Fatally flawed characters, most especially the protagonist. Check. Dirty deeds acted out covertly and compelled by the darkest human emotions. Check. Plenty of violence, including an industry based on choreographed gladiatorial events. Check. An ending with nothing gained after much ventured, and a grappler sprawled on a canvas apron littered with broken dreams. Check. The wrestler as a soul damned by his own anger issues, his own ego, and navigating his own downward spiral of vicious cycles. Check. The solicits asked if Wrestling Noir was a real genre, and after reading AfterShock’s Hell Is a Squared Circle, you’ll be convinced that, if it’s not, it isn’t for this creative team’s lack of trying.
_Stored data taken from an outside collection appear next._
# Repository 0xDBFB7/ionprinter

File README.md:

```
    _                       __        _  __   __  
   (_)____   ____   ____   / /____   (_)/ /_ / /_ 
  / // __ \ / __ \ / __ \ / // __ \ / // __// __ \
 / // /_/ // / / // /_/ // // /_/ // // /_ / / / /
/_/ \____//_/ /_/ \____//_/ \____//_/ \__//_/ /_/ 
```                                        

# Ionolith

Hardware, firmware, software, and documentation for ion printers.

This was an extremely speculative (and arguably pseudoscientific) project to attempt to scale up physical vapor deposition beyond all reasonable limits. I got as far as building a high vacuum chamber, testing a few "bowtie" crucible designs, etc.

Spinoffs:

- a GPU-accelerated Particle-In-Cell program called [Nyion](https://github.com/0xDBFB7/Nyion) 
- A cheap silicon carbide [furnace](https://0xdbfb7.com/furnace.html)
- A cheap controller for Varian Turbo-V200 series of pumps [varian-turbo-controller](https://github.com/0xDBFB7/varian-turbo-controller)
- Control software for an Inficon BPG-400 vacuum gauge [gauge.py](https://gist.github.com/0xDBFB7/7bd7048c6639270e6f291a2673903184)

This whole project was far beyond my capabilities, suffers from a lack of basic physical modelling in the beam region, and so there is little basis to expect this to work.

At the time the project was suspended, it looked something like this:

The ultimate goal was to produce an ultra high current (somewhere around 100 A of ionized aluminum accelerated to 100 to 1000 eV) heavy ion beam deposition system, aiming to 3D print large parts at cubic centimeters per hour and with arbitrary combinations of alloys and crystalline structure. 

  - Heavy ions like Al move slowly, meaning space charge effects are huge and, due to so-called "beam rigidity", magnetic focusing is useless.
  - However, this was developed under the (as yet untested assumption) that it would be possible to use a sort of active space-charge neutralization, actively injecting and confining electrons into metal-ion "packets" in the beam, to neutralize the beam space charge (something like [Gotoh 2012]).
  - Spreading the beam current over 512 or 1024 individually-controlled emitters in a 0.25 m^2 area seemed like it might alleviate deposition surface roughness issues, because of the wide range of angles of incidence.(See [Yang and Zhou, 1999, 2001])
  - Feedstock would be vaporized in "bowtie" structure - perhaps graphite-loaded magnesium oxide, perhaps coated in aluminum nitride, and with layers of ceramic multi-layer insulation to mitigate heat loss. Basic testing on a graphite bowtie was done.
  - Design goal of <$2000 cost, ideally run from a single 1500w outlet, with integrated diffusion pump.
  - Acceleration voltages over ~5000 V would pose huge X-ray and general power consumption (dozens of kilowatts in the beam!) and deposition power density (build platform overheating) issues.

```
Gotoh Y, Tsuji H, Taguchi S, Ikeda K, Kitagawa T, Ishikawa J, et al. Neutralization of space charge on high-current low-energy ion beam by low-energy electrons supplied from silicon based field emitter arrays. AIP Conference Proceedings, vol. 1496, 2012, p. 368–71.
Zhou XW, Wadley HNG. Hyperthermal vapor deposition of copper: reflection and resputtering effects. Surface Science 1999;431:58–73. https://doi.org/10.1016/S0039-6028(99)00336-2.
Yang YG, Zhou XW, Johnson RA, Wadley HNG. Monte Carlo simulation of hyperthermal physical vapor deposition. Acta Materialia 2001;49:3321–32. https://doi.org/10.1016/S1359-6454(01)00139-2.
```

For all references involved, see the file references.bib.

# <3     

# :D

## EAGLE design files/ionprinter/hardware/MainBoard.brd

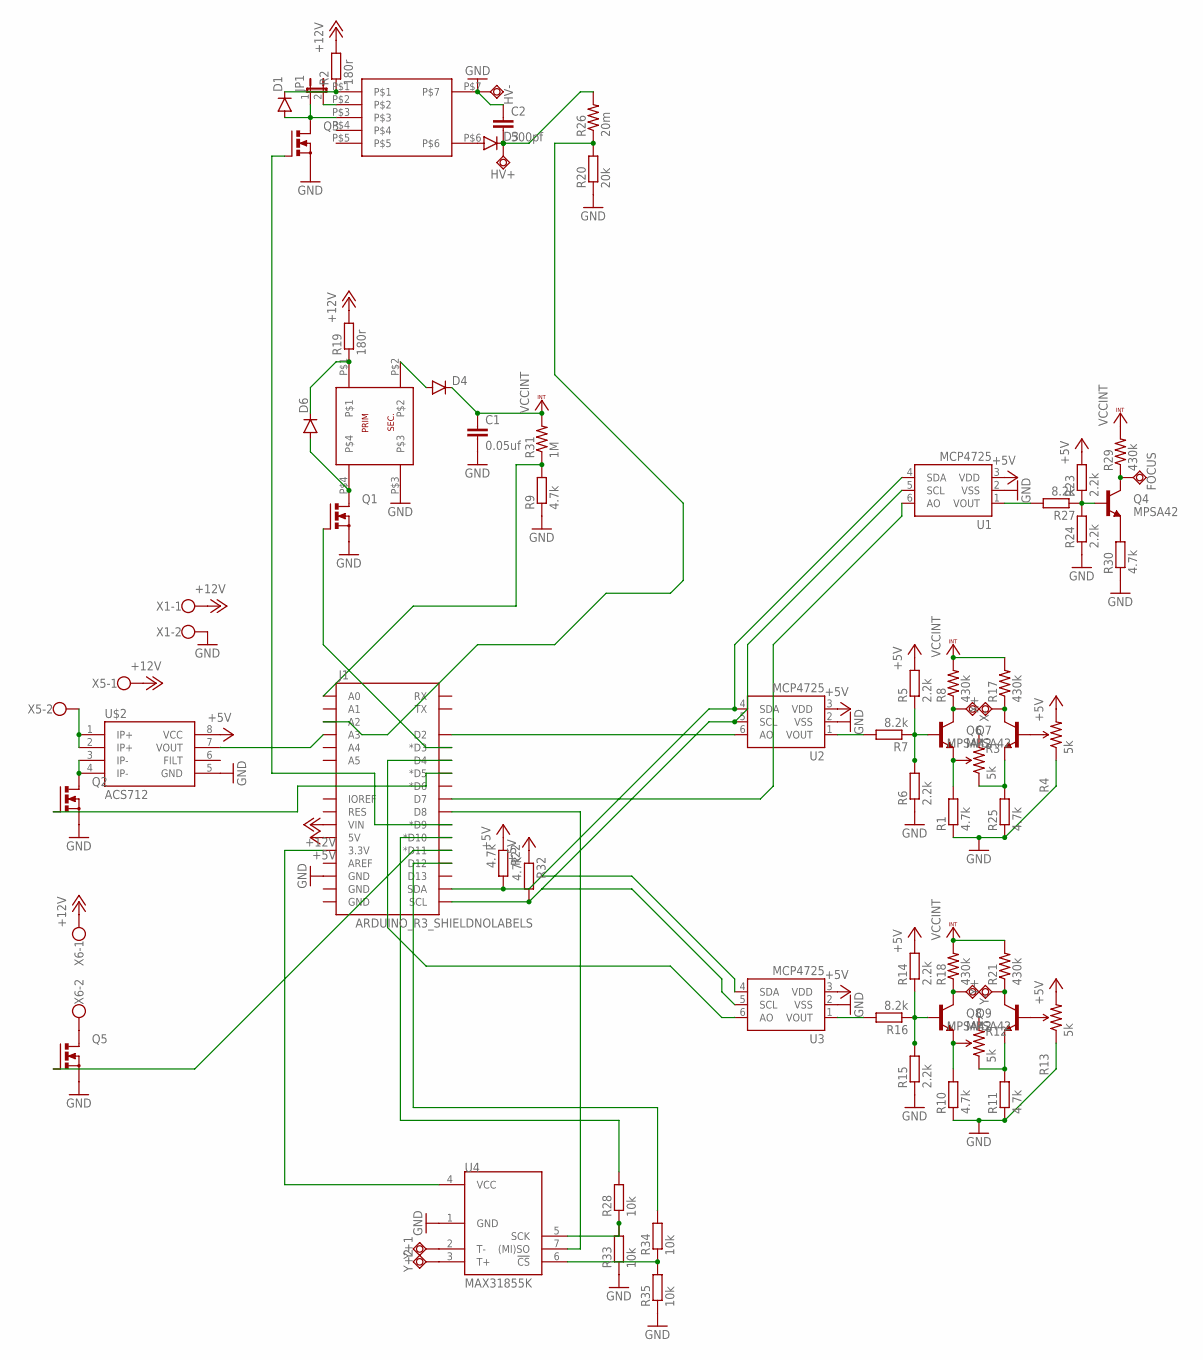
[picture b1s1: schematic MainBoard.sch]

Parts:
C1: 0.05uf; C1206
C2: 500pf; C1206
D1, D4, D6: DIODESOD123; SOD-123
D3: DIODEPTH; DIODE-1N4001
FOCUS: FOCUS; P1-13
HV+: TPSQPAD1-13; P1-13
HV-: TPSQPAD1-13; P1-13
J1: ARDUINO_R3_SHIELDNOLABELS; UNO_R3_SHIELD_NOLABELS
JP1: JUMPER-2SMD-NO; SJ_2S-NO
Q1, Q2, Q3, Q5: N-MOSFET-SO8S; SO-08
Q4, Q6, Q7, Q8, Q9: MPSA42; SOT23-3
R1, R9, R10, R11, R22, R25, R30, R32: 4.7k; R0603
R2, R19: 180r; R0603
R3, R4, R12, R13: 5k; TRIMPOT_PTH_S3_LOCK
R5, R6, R14, R15, R23, R24: 2.2k; R0603
R7, R16, R27: 8.2k; R0603
R8, R17, R18, R21, R29: 430k; 1206
R20: 20k; R0603
R26: 20m; AXIAL-0.4
R28, R33, R34, R35: 10k; R0603
R31: 1M; 1206
U1, U2, U3: MCP4725; SOT23-6
U4: MAX31855K; SOIC8
U$1: ATB; ATB3225
U$2: ACS712; SO08
U$3: CTX
X1, X5, X6: W237-102
X+: TPSQPAD1-13; P1-13
X-: TPSQPAD1-13; P1-13
Y+, Y+1, Y+2: TPSQPAD1-13; P1-13
Y-: TPSQPAD1-13; P1-13

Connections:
+5V: J1.5V, R4.3 (CW), R5.2, R13.3 (CW), R14.2, R22.1, R23.2, R32.1, U1.3 (VDD), U2.3 (VDD), U3.3 (VDD), U$2.8 (VCC)
+12V: J1.VIN, R2.2, R19.2, X1.1, X5.1, X6.1
GND: C1.2, C2.1, HV-.TP, J1.GND@2 (GND), Q1.1 (S), Q1.2 (S), Q1.3 (S), Q2.1 (S), Q2.2 (S), Q2.3 (S), Q3.1 (S), Q3.2 (S), Q3.3 (S), Q5.1 (S), Q5.2 (S), Q5.3 (S), R1.1, R4.1 (CCW), R6.1, R9.1, R10.1, R11.1, R13.1 (CCW), R15.1, R20.1, R24.1, R25.1, R30.1, R33.1, R35.1, U1.2 (VSS), U2.2 (VSS), U3.2 (VSS), U4.1 (GND), U$1.P$3, U$2.5 (GND), U$3.P$7, X1.2
unnamed: Q6.3 (C), R8.1, X-.TP
unnamed: Q7.3 (C), R17.1, X+.TP
unnamed: R7.2, U2.1 (VOUT)
unnamed: Q6.2 (E), R1.2, R3.2 (WIPER)
unnamed: Q7.2 (E), R3.1 (CCW), R25.2
unnamed: Q7.1 (B), R4.2 (WIPER)
unnamed: Q9.1 (B), R13.2 (WIPER)
unnamed: Q6.1 (B), R5.1, R6.2, R7.1
unnamed: Q4.2 (E), R30.2
unnamed: J1.D3 (*D3), Q1.4 (G)
unnamed: Q8.2 (E), R10.2, R12.2 (WIPER)
unnamed: Q9.2 (E), R11.2, R12.1 (CCW)
unnamed: J1.SDA, R22.2, U1.4 (SDA), U2.4 (SDA), U3.4 (SDA)
unnamed: Q8.1 (B), R14.1, R15.2, R16.1
unnamed: Q9.3 (C), R21.1, Y+.TP
unnamed: Q8.3 (C), R18.1, Y-.TP
unnamed: R16.2, U3.1 (VOUT)
unnamed: J1.D2, U2.6 (AO)
unnamed: J1.D4, U3.6 (AO)
unnamed: J1.A0, R9.2, R31.1
unnamed: D6.A, Q1.5 (D), Q1.6 (D), Q1.7 (D), Q1.8 (D), U$1.P$4
unnamed: D4.A, U$1.P$2
unnamed: Q2.5 (D), Q2.6 (D), Q2.7 (D), Q2.8 (D), U$2.3 (IP-), U$2.4 (IP-)
unnamed: U$2.1 (IP+), U$2.2 (IP+), X5.2
unnamed: J1.D5 (*D5), Q2.4 (G)
unnamed: D1.A, JP1.1, Q3.5 (D), Q3.6 (D), Q3.7 (D), Q3.8 (D), U$3.P$3
unnamed: JP1.2, U$3.P$2
unnamed: D1.C, R2.1, U$3.P$1
unnamed: D3.A, U$3.P$6
unnamed: C2.2, D3.C, HV+.TP, R26.P$2 (2)
unnamed: R28.1, R33.2, U4.5 (SCK)
unnamed: D6.C, R19.1, U$1.P$1
unnamed: Q4.1 (B), R23.1, R24.2, R27.1
unnamed: R27.2, U1.1 (VOUT)
unnamed: J1.SCL, R32.2, U1.5 (SCL), U2.5 (SCL), U3.5 (SCL)
unnamed: FOCUS.TP, Q4.3 (C), R29.1
unnamed: R34.1, R35.2, U4.6 (!CS)
unnamed: J1.D9 (*D9), Q3.4 (G)
unnamed: J1.D10 (*D10), R28.2
unnamed: J1.A2, R20.2, R26.P$1 (1)
unnamed: Q5.5 (D), Q5.6 (D), Q5.7 (D), Q5.8 (D), X6.2
unnamed: J1.D11 (*D11), Q5.4 (G)
unnamed: J1.A3, U$2.7 (VOUT)
unnamed: J1.D12, R34.2
unnamed: J1.D7, U1.6 (AO)
unnamed: J1.D8, U4.7 ((MI)SO)
unnamed: U4.2 (T-), Y+1.TP
unnamed: U4.3 (T+), Y+2.TP
unnamed: J1.3.3V, U4.4 (VCC)
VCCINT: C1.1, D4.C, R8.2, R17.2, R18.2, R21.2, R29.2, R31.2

The first of those vicious cycles hits in 1979 when regional circuit pro wrestler Ted Walsh has been in the grapple game long enough to become an established heel. Which frustrates him no end, after spending a brief period early on as a face and looking on that ring role as his true calling. But promoter Steve Kerry disagrees because Walsh as The Irish Mooska (Or ‘Booooska’ as audiences chant at him) is a perfect villainous foil for the more handsome and ‘clean’ fighters of his stable. Ted’s frustrations may even be powering his ring presence and making him such a good bad guy. It feeds on itself and all appeals he makes to flip the script and turn face fall on showbiz savvy, unresponsive ears. Which stokes his vexation even more. To Kerry, letting Ted become a face would simply be bad use of materials.
After a bait-and-switch maneuver by Kerry and his primary face talent, Cosmic Cassidy, Walsh decides to break the concentric circles of self-destructive habits fueled by growing discontent. But he goes too far and ends up alienating himself further from his estranged daughter, becoming a fugitive, and establishing a new identity for himself. A decade and change later, Walsh as Jack Damon, ring name Tombstone, has gone clean and sober, learned greater self-control, and has even reestablished contact with his grown daughter. When the ghosts of his Walsh years edge closer, a new and unconventional challenger rises. In the end, which half of Ted’s tortured soul will hold sway, and which side of his psyche will have its way…hero or heel?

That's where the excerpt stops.